Ranked No. 10 in the nation and one of a handful of teams with just two losses, it appears the coaches have the Buckeyes on the right path.
“The chemistry has to be like a family,” said Strobel. “It has to be a brotherhood and guys have to care about each other so much that they have to be willing to sacrifice themselves for their teammates.”
It’s a concept that was ingrained in both Rohlik and Strobel early on in their hockey careers, but in today’s day and age where many players are more concerned about reaching the next level individually rather than concentrating on winning at the level they are at, it can make a coach’s job difficult. Which is why recruiting is so important.
“It’s hard to preach today because so many kids want to get to that next level as soon as possible and it’s all about them,” said Strobel. “But I think our organization at Ohio State for men’s hockey is ripe to win one, whether it’s a Big Ten title, playoff title or national championship. For me, it comes back to recruiting not the best hockey players, but the right hockey players.”
Both coaches are examples that values learned on the east side playgrounds in the State of Hockey can translate to success anywhere. Two scrappy young hockey players who value the lessons they learned, and are now instilling what matters, both on the ice and off, to the next generation.

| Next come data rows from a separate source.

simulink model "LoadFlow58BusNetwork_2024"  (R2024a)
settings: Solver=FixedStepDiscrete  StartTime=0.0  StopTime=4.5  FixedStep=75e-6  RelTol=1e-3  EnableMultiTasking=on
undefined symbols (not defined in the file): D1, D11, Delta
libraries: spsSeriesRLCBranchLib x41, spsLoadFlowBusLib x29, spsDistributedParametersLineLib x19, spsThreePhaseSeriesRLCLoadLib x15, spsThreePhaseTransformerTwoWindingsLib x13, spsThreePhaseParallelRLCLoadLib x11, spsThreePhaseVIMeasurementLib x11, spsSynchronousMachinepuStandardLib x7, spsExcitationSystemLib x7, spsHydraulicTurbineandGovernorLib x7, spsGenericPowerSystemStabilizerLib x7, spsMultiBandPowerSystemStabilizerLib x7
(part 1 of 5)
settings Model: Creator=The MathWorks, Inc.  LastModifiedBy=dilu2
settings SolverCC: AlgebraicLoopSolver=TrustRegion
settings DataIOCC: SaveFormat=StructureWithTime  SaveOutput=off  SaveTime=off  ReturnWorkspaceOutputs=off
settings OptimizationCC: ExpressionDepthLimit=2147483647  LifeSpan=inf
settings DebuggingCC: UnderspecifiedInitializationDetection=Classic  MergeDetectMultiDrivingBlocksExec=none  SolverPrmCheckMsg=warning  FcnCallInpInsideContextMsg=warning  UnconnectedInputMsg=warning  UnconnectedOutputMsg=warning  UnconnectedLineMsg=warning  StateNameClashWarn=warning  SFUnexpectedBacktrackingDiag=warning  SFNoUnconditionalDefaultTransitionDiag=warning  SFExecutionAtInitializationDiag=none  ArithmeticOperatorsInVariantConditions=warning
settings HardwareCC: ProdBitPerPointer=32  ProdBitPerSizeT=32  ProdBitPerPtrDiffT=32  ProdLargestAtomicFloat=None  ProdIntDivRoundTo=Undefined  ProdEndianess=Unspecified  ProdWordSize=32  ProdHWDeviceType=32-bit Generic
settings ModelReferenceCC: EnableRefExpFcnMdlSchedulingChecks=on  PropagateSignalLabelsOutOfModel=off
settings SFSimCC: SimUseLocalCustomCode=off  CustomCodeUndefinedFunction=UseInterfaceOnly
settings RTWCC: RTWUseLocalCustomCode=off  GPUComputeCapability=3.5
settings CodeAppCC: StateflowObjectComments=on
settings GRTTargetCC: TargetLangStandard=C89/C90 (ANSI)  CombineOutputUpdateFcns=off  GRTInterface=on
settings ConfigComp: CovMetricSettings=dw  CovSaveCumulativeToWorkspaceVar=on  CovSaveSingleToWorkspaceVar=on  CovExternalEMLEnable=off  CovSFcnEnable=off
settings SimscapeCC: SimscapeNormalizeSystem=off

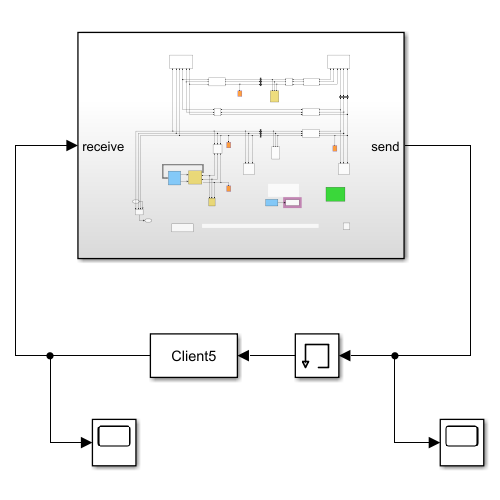
[thumbnail: Simulink's stored preview of the top-level diagram]
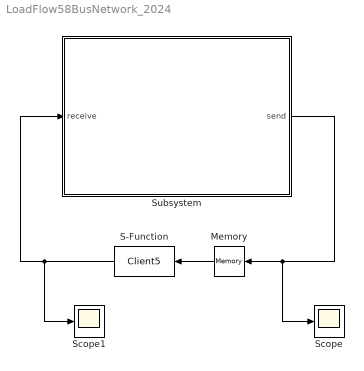
== system LoadFlow58BusNetwork_2024 ==
  Memory : Memory
  S-Function : S-Function  FunctionName=Client5  SFunctionDeploymentMode=off  EnableBusSupport=off
  Scope : Scope
  Scope1 : Scope
  Subsystem : Subsystem
  wires:
  Memory/1 -> S-Function/1
  Subsystem/1(send) -> Scope/1, Memory/1
  S-Function/1 -> Scope1/1, Subsystem/1(receive)

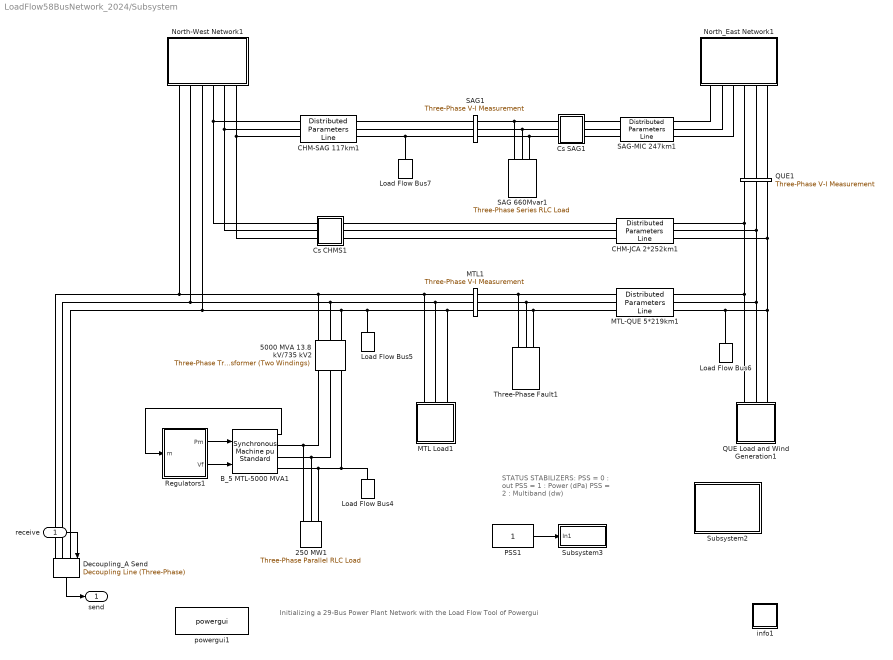
== system LoadFlow58BusNetwork_2024/Subsystem ==
  note: Initializing a 29-Bus Power Plant Network with the Load Flow Tool of Powergui
  note: STATUS STABILIZERS:
      | PSS = 0 :  out
      | PSS = 1 :  Power (dPa)
      | PSS = 2 :  Multiband (dw)
  receive : Inport
  250 MW1 : spsThreePhaseParallelRLCLoadLib/Three-Phase Parallel RLC Load  LConnTagsString=A|B|C  Configuration=Y (grounded)  NominalVoltage=(13800)*1  Vabc=[1e3 1e3 1e3]  Vabcp=[1e3 1e3 1e3]  NominalFrequency=60  UnbalancedPower=off  ActivePower=250000000  InductivePower=0  CapacitivePower=0  Pabc=[10e3 9e3 11e3]  QLabc=[100 90 110]  QCabc=[100 90 110]  Pabcp=[10e3 9e3 11e3]  QLabcp=[100 90 110]  QCabcp=[100 90 110]  Measurements=None  LoadType=constant PQ
  5000 MVA 13.8 kV/735 kV2 : spsThreePhaseTransformerTwoWindingsLib/Three-Phase Transformer (Two Windings)  Winding1Connection=Delta (D1)  Winding2Connection=Yg  CoreType=Three single-phase transformers  SetSaturation=off  Hysteresis=off  DataFile='basic_model'  SetInitialFlux=off  Measurements=None  UNITS=pu  NominalPower=[ 5000e6 60 ]  Winding1="[ 13.8e3 0.002  0.0]"  Winding2=[ 735e3 0.002 0.12]  Rm=500  Lm=500  L0=0.5  Saturation="[ 0,0  ;  0.005,1.2  ;  1.0,1.4 ]"  InitialFluxes=[ 0.8 , -0.8 , 0.7 ]  BreakLoop=off  DiscreteSolver=Trapezoidal iterative  DataType=off  TransfoNumber=0
  B_5 MTL-5000 MVA1 : spsSynchronousMachinepuStandardLib/Synchronous Machine pu Standard  PresetModel=No  MechanicalLoad=Mechanical power Pm  ShowDetailedParameters=on  RotorType=Salient-pole  Units=per unit standard parameters  MeasurementBus=off  NominalParameters="[5000E6  13800   60 ]"  Reactances1=[ 31 32 33 34 35 36 37 ]  Reactances2=[ 1.305, 0.296, 0.252, 0.474, 0.243, 0.18 ]  dAxisTimeConstants=Short-circuit  qAxisTimeConstants=Open-circuit  TimeConstants1=[]  TimeConstants2=[]  TimeConstants3=[]  TimeConstants4=[]  TimeConstants5=[ 1.01, 0.053, 0.1 ]  TimeConstants6=[]  TimeConstants7=[]  TimeConstants8=[]  StatorResistance=2.8544e-3  Mechanical="[ 3.7 0  32]"  PolePairs=32  InitialConditions=[0 -113.876 0.904539 0.904539 0.904539 -42.1129 -162.113 77.8871 1.28555]  SetSaturation=off  Saturation=[0.6404,0.7127,0.8441,0.9214,0.9956,1.082,1.19,1.316,1.457;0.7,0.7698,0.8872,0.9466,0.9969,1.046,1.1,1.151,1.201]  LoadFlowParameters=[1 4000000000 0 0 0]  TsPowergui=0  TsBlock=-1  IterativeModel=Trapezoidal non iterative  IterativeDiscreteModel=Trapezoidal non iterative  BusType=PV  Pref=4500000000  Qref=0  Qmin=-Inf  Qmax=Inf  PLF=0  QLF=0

“Hockey is a conduit,” said Strobel. “Life is an even bigger, more important game for these young men once they are done with us. We want them to have a no-quit attitude and not have the entitlement attitude. That’s one area I think Steve and I are throwbacks to some of the coaches we had. Realizing you are pretty fortunate to play a game you love. We just want to make sure these kids are saying please and thank you and busting their hump.”